> [What this task involves] Scan the entries below for the word "units", then copy each line that holds it.

> [Record set]
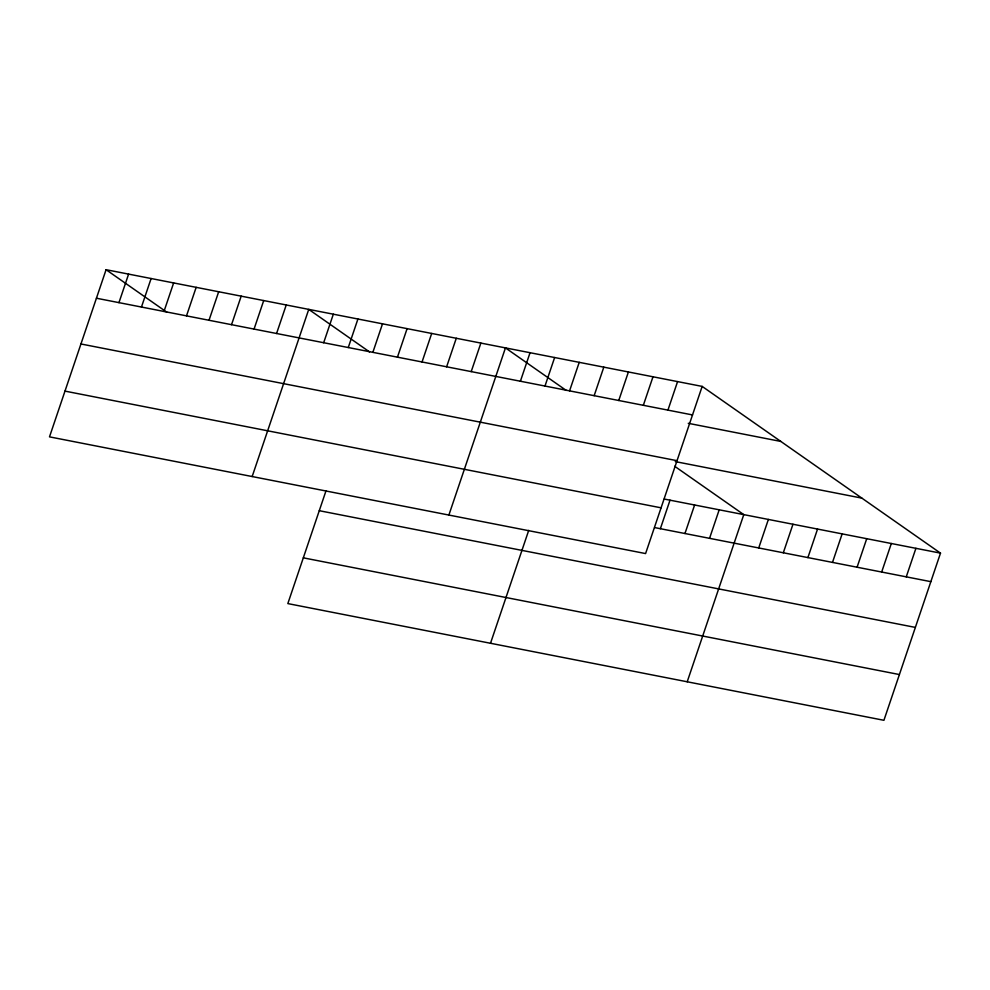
<?xml version="1.0" encoding="UTF-8"?>
<svg xmlns="http://www.w3.org/2000/svg" width="990" height="990" viewBox="0 0 990 990"><rect width="100%" height="100%" fill="white"/><g stroke="black" fill="none" stroke-linecap="round" stroke-linejoin="round"><path stroke-width="1.49" d="M106.079 269.701L49.5 436.862L645.591 553.571L702.17 386.409L106.079 269.701L166.852 312.221M118.949 302.643L128.601 274.119M141.459 307.048L151.111 278.524M163.981 311.454L173.634 282.93M186.504 315.86L196.156 287.347M209.014 320.277L218.679 291.753M231.536 324.683L241.189 296.159M254.059 329.088L263.711 300.564M276.569 333.506L286.234 304.982M252.165 476.536L308.744 309.387L369.518 351.908M323.68 342.726L333.333 314.201M348.27 347.539L357.922 319.015M372.859 352.353L382.511 323.829M326.044 490.693L287.83 603.591L883.922 720.299L940.5 553.138L702.17 386.409M397.448 357.167L407.1 328.643M422.037 361.981L431.69 333.457M446.626 366.795L456.279 338.271M471.215 371.609L480.868 343.085M448.878 515.06L505.457 347.898L566.231 390.419M520.394 381.237L530.046 352.712M544.983 386.05L554.635 357.526M569.572 390.864L579.224 362.34M490.508 643.265L528.722 530.368M594.161 395.678L603.813 367.154M618.75 400.492L628.403 371.968M643.339 405.306L652.992 376.782M667.928 410.12L677.581 381.596M660.367 528.71L670.02 500.185M684.956 533.523L694.609 504.999M709.545 538.337L719.198 509.813M687.209 681.776L743.787 514.627L674.673 466.278M758.724 547.965L768.376 519.441M783.313 552.779L792.965 524.255M807.902 557.593L817.554 529.068M832.491 562.407L842.144 533.882M857.08 567.221L866.733 538.696M881.669 572.034L891.322 543.51M906.258 576.848L915.911 548.324M96.426 298.225L692.517 414.934M688.248 423.312L780.813 441.429M80.945 343.976L677.024 460.684M675.267 461.588L861.845 498.118M664.24 499.047L940.5 553.138M64.981 391.112L661.073 507.821M654.588 527.571L930.848 581.662M319.275 510.704L915.366 627.413M303.324 557.84L899.403 674.549"/></g></svg>
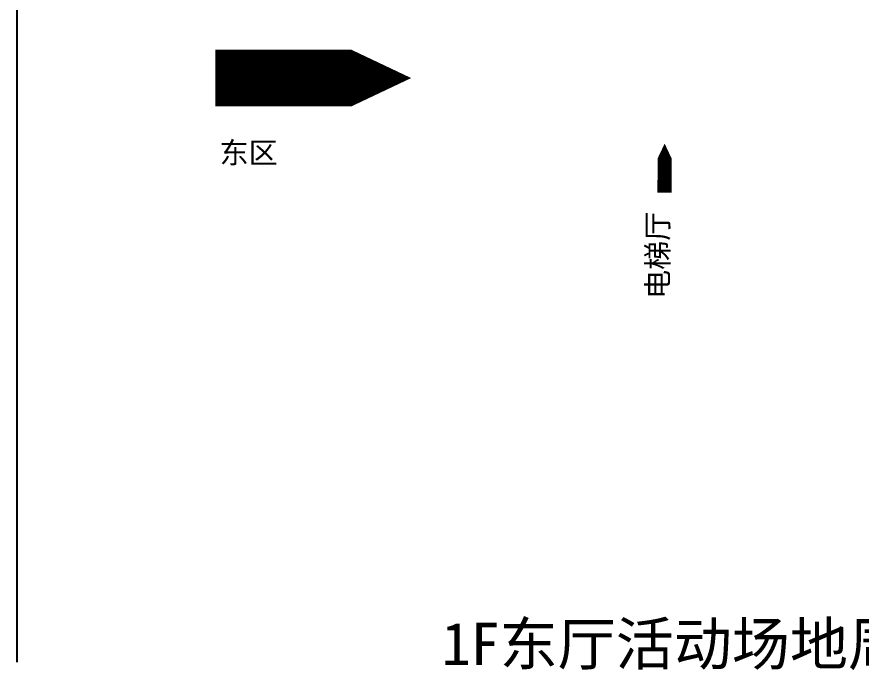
# Model space of a CAD drawing. Header units: inches. Extents: x -17552 to 36880, y -24560 to 13931.
# Drawn here: x 9664 to 24553, y -16344 to -4833 of the extents above; entities that cross this region are included whole.
import ezdxf

# ---------------------------------------------------------------- set-up
doc = ezdxf.new("R2010")
doc.units = ezdxf.units.IN
doc.header["$MEASUREMENT"] = 0
doc.styles.get("Standard").update_dxf_attribs({"font": 'arial.ttf'})

msp = doc.modelspace()

# ---------------------------------------------------------------- linework, layer by layer
msp.add_line((9663.8, 9435.7), (9663.8, -16205))
at = {"color": 240, "true_color": 0xed1f24}
for points in [[(13158.3, -5910.6, 1000, 1000, 0), (14498.8, -5910.6, 2000, 0, 0), (16610, -5910.6, 0, 0, 0)], [(21073.8, -7928.6, 250, 250, 0), (21074.2, -7593.5, 500, 0, 0), (21074.9, -7065.7, 0, 0, 0)]]:
    msp.add_lwpolyline(points, format="xyseb", dxfattribs=at)

# ---------------------------------------------------------------- texts
at = {"color": 240, "true_color": 0xed1f24, "insert": (13234.1, -7038.8), "char_height": 375, "width": 6396.416, "attachment_point": 1}
msp.add_mtext('{\\fDengXian|b1|i0|c134|p2;东区}', dxfattribs=at)
at = {"color": 240, "true_color": 0xed1f24, "insert": (20764.2, -9801.8), "char_height": 375, "width": 6396.416, "attachment_point": 1, "rotation": 90}
msp.add_mtext('{\\fDengXian|b1|i0|c134|p2;电梯厅}', dxfattribs=at)
at = {"insert": (17146.7, -15505.8), "char_height": 750, "width": 12792.831, "attachment_point": 1}
msp.add_mtext('{\\fSimSun|b0|i0|c134|p2;1F东厅活动场地周边平面图}', dxfattribs=at)

doc.saveas('drawing.dxf')
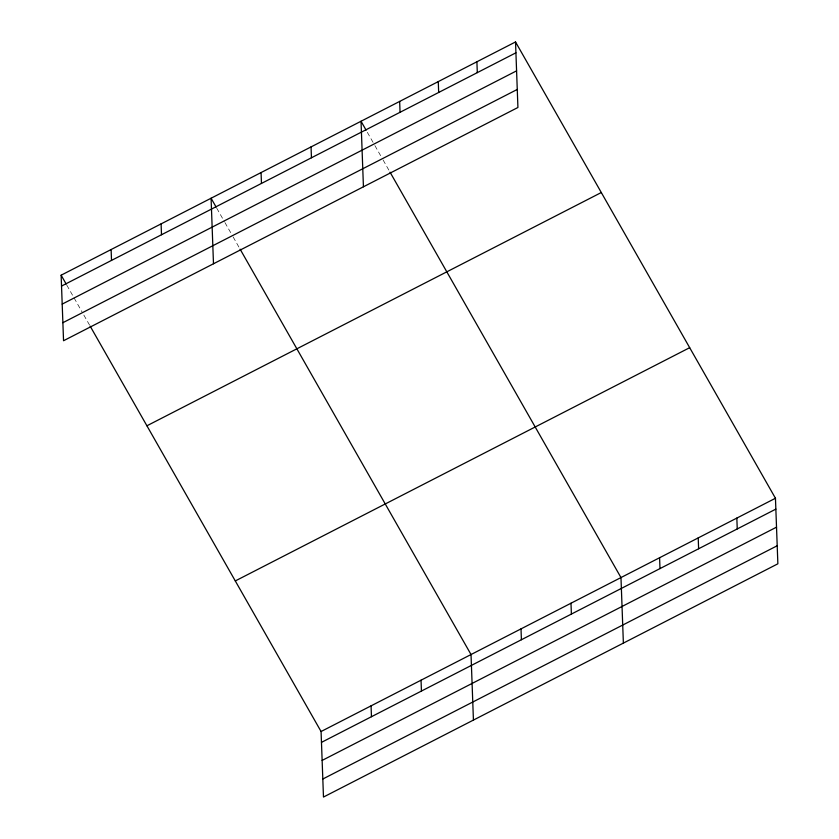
<?xml version="1.0" encoding="UTF-8"?>
<svg xmlns="http://www.w3.org/2000/svg" width="839" height="839" viewBox="0 0 839 839"><rect width="100%" height="100%" fill="white"/><g stroke="black" fill="none" stroke-linecap="round" stroke-linejoin="round"><path stroke-width="0.63" stroke-dasharray="4.2 3.15" d="M367.335 132.331L374.278 144.507M374.907 145.619L381.839 157.795M383.108 160.008L389.411 171.083M216.756 208.198L224.328 221.486M224.957 222.587L231.27 233.662M233.158 236.986L239.461 248.05M66.816 285.166L81.949 311.741M83.837 315.065L89.521 325.029"/><path stroke-width="1.26" d="M515.524 41.95L517.925 107.486L63.544 340.739L61.132 275.202L515.524 41.95L775.456 498.261L777.868 563.798L323.476 797.05L321.075 731.514L90.151 326.14M61.53 286.068L515.922 52.805M62.191 304.106L516.583 70.854M62.873 322.7L517.264 89.448M146.919 425.782L601.301 192.53M235.298 580.934L689.679 347.682M321.075 731.514L775.456 498.261M321.473 742.368L775.855 509.116M322.134 760.417L776.526 527.165M322.816 779.011L777.208 545.749M366.077 130.118L361.032 121.256L363.434 186.793M390.041 172.184L620.975 577.568L623.377 643.104M216.126 207.086L211.082 198.235L213.484 263.771M240.101 249.162L471.025 654.535L473.427 720.072M61.132 275.202L66.187 284.064M736.841 518.082L737.24 528.948M698.216 537.914L698.614 548.769M659.59 557.736L659.989 568.601M570.992 603.22L571.39 614.085M521.009 628.883L521.407 639.738M476.898 61.771L477.297 72.636M438.273 81.603L438.671 92.458M421.042 680.198L421.44 691.053M399.658 101.425L400.056 112.29M371.058 705.851L371.457 716.716M311.049 146.909L311.447 157.774M261.065 172.572L261.464 183.426M161.098 223.887L161.497 234.752M111.115 249.55L111.514 260.405"/></g></svg>

> [Task response]
# Model space of a CAD drawing. Header units: inches. Extents: x -17552 to 36880, y -24560 to 13931.
doc.units = ezdxf.units.IN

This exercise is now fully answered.